Мне знакомо это ощущение.
– А он знает, что я попала к тебе?
Рип кивает.
– Он в курсе.
Страх во мне превращается в твердый кусок льда. Уж не знаю почему, ведь я все это время была пленницей Четвертого королевства. Но одно дело, когда мой похититель – Рип, и совсем другое, когда это король Рот. Если Ревингер знает обо мне, это вопрос дней, когда он решит мной воспользоваться.
Я уже убедилась, что мужчины так и поступают. Они используют.
– Если твой король прикажет тебе убить меня, ты сделаешь это? – отважно спрашиваю я, с любопытством глядя на Рипа.
Он останавливается, словно мой вопрос застал его врасплох.
– Этого не случится.
От его наивности брови у меня взлетают на лоб.
– Откуда тебе знать? Я – фаворитка Мидаса, а они с королем Ротом враги. – Я начинаю говорить шепотом – на случай, если где-то рядом есть посторонние. – Если этого недостаточно, чтобы приговорить меня к смерти, я только что призналась, что являюсь чистокровной фейри, а они самые презираемые предатели в Орее. Меня слышали трое твоих солдат, и они с легкостью могут предоставить королю эти сведения.
– Они никому и слова не скажут, пока я им не прикажу. Они – мой Гнев.
Я хмурюсь.
– Твой – что?
Рип косится на меня.
– Лу придумала это название несколько лет назад. Но эти трое – лично мною отобранная команда. Они помогают советами, каждый из них возглавляет свой собственный полк в моей армии, и, если мне предстоит сложная миссия, они приводят в исполнение то, что я не могу сделать сам.
Я несколько озадачена.

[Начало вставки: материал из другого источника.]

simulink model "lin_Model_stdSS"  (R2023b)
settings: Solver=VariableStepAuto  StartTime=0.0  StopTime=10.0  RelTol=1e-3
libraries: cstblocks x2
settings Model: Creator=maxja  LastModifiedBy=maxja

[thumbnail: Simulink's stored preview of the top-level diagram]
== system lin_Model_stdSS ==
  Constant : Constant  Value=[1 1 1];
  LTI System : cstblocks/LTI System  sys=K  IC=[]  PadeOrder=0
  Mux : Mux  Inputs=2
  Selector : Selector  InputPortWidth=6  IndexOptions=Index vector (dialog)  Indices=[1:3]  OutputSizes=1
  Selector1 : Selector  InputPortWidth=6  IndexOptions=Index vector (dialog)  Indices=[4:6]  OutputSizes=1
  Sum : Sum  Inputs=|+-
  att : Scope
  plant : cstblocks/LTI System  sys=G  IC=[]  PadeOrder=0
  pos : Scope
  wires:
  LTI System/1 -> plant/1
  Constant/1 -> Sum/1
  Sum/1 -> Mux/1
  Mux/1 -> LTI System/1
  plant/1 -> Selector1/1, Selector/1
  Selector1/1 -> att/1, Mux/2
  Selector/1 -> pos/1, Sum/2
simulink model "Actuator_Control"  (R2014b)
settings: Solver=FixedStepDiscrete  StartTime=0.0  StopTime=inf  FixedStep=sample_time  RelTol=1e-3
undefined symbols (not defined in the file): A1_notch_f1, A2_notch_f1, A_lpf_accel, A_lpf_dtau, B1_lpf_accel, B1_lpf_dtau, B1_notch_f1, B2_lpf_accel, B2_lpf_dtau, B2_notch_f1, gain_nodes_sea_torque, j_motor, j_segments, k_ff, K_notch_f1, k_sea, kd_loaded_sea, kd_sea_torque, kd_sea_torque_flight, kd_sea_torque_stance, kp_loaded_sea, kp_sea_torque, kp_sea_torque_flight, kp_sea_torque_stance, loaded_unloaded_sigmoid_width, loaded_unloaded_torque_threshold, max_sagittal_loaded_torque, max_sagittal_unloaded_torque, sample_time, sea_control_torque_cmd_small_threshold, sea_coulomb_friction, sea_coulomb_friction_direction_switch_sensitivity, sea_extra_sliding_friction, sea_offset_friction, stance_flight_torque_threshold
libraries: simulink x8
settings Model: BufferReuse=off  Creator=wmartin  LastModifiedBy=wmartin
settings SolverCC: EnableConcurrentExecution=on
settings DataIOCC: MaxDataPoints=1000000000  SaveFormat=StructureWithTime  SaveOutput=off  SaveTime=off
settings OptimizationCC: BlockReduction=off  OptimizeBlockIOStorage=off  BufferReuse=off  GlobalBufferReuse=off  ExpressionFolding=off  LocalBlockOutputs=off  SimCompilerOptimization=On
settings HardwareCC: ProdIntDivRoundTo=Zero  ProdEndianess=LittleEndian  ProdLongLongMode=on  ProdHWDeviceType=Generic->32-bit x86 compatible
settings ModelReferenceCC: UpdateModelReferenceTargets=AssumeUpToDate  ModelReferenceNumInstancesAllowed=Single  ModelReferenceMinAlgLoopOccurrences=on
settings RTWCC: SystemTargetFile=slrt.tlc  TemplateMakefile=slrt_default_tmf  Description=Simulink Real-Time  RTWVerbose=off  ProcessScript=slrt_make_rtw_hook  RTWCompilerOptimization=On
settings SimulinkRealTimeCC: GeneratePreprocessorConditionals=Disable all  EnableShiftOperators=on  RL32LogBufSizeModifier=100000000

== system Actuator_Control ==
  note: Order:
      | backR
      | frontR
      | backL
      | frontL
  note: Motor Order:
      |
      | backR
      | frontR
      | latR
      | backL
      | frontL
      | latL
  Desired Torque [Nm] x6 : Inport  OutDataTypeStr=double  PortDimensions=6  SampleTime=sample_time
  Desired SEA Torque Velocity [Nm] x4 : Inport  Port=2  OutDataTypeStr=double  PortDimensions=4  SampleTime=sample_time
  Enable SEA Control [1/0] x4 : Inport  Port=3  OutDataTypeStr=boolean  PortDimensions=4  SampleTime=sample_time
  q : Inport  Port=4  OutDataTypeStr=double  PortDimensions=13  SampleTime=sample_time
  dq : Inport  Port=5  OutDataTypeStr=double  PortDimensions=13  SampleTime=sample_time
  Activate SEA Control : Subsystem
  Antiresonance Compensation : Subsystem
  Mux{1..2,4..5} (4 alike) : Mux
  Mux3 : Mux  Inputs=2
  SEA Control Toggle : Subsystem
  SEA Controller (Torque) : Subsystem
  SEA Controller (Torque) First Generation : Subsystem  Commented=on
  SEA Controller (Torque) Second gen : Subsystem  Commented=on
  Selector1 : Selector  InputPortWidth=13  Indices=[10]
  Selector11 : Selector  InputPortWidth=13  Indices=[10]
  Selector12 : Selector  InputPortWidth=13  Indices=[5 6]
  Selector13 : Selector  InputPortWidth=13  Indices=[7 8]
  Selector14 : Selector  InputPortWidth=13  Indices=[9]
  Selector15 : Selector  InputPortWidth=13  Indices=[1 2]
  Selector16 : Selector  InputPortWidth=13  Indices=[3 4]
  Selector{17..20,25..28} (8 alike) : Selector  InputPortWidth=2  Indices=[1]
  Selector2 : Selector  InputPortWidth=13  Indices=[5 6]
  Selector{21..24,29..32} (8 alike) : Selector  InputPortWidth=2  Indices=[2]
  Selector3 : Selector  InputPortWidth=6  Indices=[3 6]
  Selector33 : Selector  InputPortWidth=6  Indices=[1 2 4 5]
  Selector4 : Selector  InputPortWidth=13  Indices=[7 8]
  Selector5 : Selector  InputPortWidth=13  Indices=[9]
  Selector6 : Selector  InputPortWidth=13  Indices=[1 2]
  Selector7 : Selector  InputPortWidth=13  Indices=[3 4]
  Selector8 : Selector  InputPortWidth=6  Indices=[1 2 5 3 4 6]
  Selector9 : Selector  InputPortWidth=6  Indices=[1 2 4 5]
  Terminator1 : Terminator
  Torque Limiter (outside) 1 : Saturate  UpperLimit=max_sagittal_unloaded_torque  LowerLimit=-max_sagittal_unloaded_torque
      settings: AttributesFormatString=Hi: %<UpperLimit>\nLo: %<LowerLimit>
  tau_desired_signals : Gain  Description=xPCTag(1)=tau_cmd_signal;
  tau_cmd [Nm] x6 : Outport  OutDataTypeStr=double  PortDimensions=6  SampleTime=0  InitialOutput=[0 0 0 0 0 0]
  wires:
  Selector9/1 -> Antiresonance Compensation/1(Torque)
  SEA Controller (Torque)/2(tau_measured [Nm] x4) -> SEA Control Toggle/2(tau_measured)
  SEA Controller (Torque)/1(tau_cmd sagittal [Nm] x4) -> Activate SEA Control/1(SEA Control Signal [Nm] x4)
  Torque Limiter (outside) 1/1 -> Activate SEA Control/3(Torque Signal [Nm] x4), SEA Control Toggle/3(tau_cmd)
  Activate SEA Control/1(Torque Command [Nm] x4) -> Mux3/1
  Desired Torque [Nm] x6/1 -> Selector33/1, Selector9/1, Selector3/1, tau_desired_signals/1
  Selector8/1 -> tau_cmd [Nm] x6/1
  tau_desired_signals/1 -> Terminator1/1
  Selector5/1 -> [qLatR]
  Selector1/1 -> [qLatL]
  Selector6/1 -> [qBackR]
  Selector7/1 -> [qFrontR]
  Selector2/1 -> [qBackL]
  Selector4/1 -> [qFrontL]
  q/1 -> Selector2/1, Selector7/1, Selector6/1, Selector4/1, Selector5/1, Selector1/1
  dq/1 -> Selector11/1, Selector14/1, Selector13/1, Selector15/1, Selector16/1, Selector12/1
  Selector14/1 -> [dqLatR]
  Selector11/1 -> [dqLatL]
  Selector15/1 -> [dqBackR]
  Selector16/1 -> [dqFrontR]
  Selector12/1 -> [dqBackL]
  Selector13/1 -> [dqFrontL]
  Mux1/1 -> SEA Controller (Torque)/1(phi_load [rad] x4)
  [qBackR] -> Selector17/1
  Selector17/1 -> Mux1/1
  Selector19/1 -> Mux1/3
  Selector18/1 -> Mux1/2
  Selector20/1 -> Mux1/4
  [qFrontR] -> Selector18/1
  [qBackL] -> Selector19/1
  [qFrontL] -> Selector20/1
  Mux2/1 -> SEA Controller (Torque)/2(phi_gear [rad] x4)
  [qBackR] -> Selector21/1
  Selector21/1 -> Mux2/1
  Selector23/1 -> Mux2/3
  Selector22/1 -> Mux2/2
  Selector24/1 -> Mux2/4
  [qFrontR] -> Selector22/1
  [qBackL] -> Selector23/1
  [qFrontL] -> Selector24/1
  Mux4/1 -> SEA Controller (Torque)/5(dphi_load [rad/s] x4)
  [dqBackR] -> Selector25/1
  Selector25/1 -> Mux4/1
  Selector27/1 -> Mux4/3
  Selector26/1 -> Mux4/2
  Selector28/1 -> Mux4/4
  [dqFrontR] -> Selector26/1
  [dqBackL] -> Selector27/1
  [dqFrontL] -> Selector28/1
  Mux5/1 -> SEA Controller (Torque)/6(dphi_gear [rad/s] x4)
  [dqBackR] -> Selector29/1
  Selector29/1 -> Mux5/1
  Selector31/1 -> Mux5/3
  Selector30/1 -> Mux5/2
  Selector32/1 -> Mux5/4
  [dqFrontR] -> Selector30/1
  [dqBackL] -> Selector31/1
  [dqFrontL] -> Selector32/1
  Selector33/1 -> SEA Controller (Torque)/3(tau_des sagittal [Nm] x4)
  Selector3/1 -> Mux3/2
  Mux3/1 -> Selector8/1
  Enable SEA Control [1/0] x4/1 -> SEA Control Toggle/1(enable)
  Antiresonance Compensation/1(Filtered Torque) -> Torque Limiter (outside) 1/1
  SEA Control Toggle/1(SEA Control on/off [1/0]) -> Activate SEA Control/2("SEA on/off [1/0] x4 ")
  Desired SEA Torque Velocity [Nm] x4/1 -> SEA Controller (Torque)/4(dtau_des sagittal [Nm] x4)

Не тем, что у Рипа есть небольшой отряд солдат, которым он доверяет, а его убежденностью. Он искренне доверяет этим троим – и я слышу это в тембре его голоса.
И все же это не означает, что им могу доверять я.
– Они только что слышали мое признание в том, что я фейри. Ты правда считаешь, что они никому не расскажут? И даже твоему королю?
– Я не считаю, а знаю.
Он говорит так уверенно, что подкрадывающееся подозрение вынуждает меня спросить следующее:
– Они ведь знают, что и ты тоже фейри?
Кивок в темноте.
– Знают.
Если бы мы не шли, я бы на минутку присела, чтобы обдумать его слова. Голова кружится, когда я качаю ей, рот приоткрывается от стольких незаданных вопросов.
– Но это… это… Как?
– Как я уже сказал, они – мой Гнев, и мы уже давно работаем бок о бок. Порой им я доверяю даже больше, чем себе. Они никогда меня не предадут.
– Но ты – фейри. Ореанцы нас ненавидят. Даже если твой Гнев хранит эту тайну, почему никто до сих пор не догадался, кто ты? Как не просочилась правда?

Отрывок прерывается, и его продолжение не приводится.